Exercise prompt —
Using the entries below, return word for word the lines from the one containing "line L1 (0, 6.35) -> (2.25, 6.35)" up to and including the last.

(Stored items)
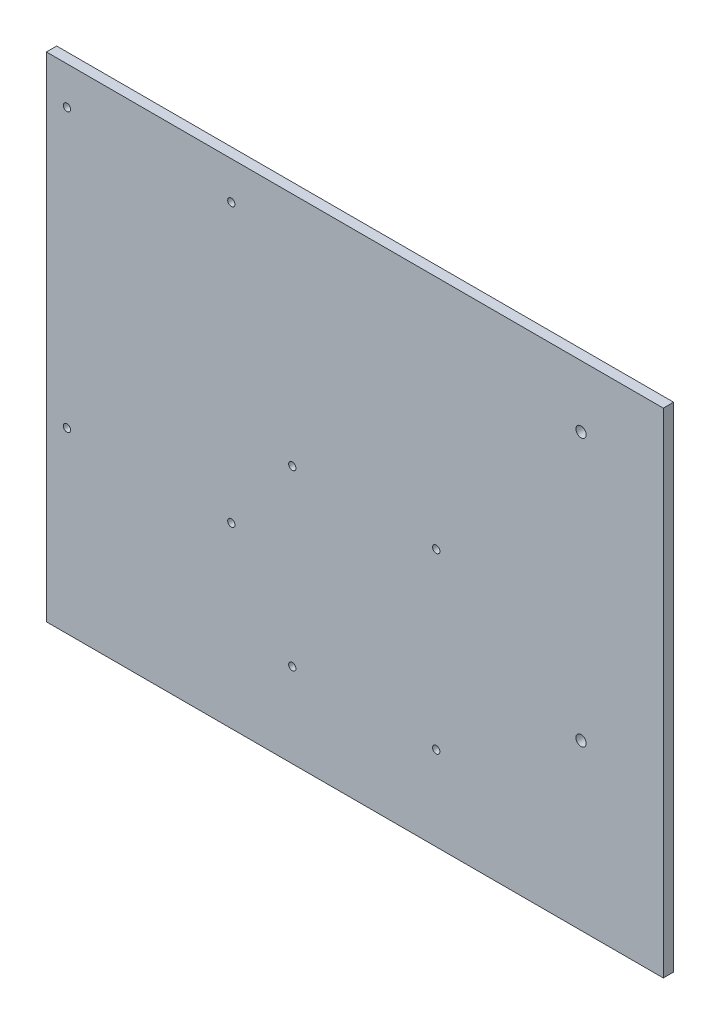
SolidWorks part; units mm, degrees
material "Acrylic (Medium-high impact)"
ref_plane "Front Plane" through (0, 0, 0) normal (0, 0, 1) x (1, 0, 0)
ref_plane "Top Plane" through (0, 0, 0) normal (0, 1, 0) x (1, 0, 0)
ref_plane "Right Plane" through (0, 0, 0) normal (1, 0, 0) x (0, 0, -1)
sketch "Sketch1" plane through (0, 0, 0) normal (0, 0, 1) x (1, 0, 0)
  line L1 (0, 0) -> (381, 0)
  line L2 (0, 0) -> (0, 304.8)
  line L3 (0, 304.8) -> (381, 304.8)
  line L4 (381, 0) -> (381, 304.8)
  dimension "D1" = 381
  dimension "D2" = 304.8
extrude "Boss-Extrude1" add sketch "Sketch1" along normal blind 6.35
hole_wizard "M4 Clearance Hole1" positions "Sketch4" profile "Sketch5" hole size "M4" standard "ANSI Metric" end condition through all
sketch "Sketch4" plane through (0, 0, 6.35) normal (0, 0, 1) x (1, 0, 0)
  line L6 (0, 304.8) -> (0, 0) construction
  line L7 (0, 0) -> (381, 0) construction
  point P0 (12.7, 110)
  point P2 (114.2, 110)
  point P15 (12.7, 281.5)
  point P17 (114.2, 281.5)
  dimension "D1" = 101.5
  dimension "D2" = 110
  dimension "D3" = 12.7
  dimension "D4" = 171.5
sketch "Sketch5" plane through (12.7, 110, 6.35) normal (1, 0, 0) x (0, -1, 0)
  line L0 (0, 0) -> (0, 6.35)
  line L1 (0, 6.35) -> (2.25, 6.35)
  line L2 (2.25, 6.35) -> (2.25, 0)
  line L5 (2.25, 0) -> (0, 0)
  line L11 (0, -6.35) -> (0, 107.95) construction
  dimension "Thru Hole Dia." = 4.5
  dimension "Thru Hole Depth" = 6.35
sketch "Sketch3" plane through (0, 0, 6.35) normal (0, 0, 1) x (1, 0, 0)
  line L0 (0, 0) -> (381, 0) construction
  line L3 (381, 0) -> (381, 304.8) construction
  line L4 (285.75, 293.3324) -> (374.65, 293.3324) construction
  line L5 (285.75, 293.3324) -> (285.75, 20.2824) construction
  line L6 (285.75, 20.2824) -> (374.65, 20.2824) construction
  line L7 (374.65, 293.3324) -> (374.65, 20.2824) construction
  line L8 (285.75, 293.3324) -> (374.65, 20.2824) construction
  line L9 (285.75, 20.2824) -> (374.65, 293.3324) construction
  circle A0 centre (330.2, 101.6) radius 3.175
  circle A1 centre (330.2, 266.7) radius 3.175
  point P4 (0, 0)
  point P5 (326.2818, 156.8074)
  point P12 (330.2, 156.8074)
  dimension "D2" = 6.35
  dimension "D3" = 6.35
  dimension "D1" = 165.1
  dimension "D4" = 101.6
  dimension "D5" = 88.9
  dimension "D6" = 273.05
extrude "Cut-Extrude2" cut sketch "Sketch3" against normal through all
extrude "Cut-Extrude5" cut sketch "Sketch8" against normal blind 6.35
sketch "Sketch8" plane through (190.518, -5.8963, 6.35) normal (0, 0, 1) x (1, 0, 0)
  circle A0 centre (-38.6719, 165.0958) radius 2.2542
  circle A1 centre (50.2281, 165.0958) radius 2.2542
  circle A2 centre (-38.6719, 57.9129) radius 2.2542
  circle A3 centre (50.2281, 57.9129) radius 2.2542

Finished exercise —
  line L1 (0, 6.35) -> (2.25, 6.35)
  line L2 (2.25, 6.35) -> (2.25, 0)
  line L5 (2.25, 0) -> (0, 0)
  line L11 (0, -6.35) -> (0, 107.95) construction
  dimension "Thru Hole Dia." = 4.5
  dimension "Thru Hole Depth" = 6.35
sketch "Sketch3" plane through (0, 0, 6.35) normal (0, 0, 1) x (1, 0, 0)
  line L0 (0, 0) -> (381, 0) construction
  line L3 (381, 0) -> (381, 304.8) construction
  line L4 (285.75, 293.3324) -> (374.65, 293.3324) construction
  line L5 (285.75, 293.3324) -> (285.75, 20.2824) construction
  line L6 (285.75, 20.2824) -> (374.65, 20.2824) construction
  line L7 (374.65, 293.3324) -> (374.65, 20.2824) construction
  line L8 (285.75, 293.3324) -> (374.65, 20.2824) construction
  line L9 (285.75, 20.2824) -> (374.65, 293.3324) construction
  circle A0 centre (330.2, 101.6) radius 3.175
  circle A1 centre (330.2, 266.7) radius 3.175
  point P4 (0, 0)
  point P5 (326.2818, 156.8074)
  point P12 (330.2, 156.8074)
  dimension "D2" = 6.35
  dimension "D3" = 6.35
  dimension "D1" = 165.1
  dimension "D4" = 101.6
  dimension "D5" = 88.9
  dimension "D6" = 273.05
extrude "Cut-Extrude2" cut sketch "Sketch3" against normal through all
extrude "Cut-Extrude5" cut sketch "Sketch8" against normal blind 6.35
sketch "Sketch8" plane through (190.518, -5.8963, 6.35) normal (0, 0, 1) x (1, 0, 0)
  circle A0 centre (-38.6719, 165.0958) radius 2.2542
  circle A1 centre (50.2281, 165.0958) radius 2.2542
  circle A2 centre (-38.6719, 57.9129) radius 2.2542
  circle A3 centre (50.2281, 57.9129) radius 2.2542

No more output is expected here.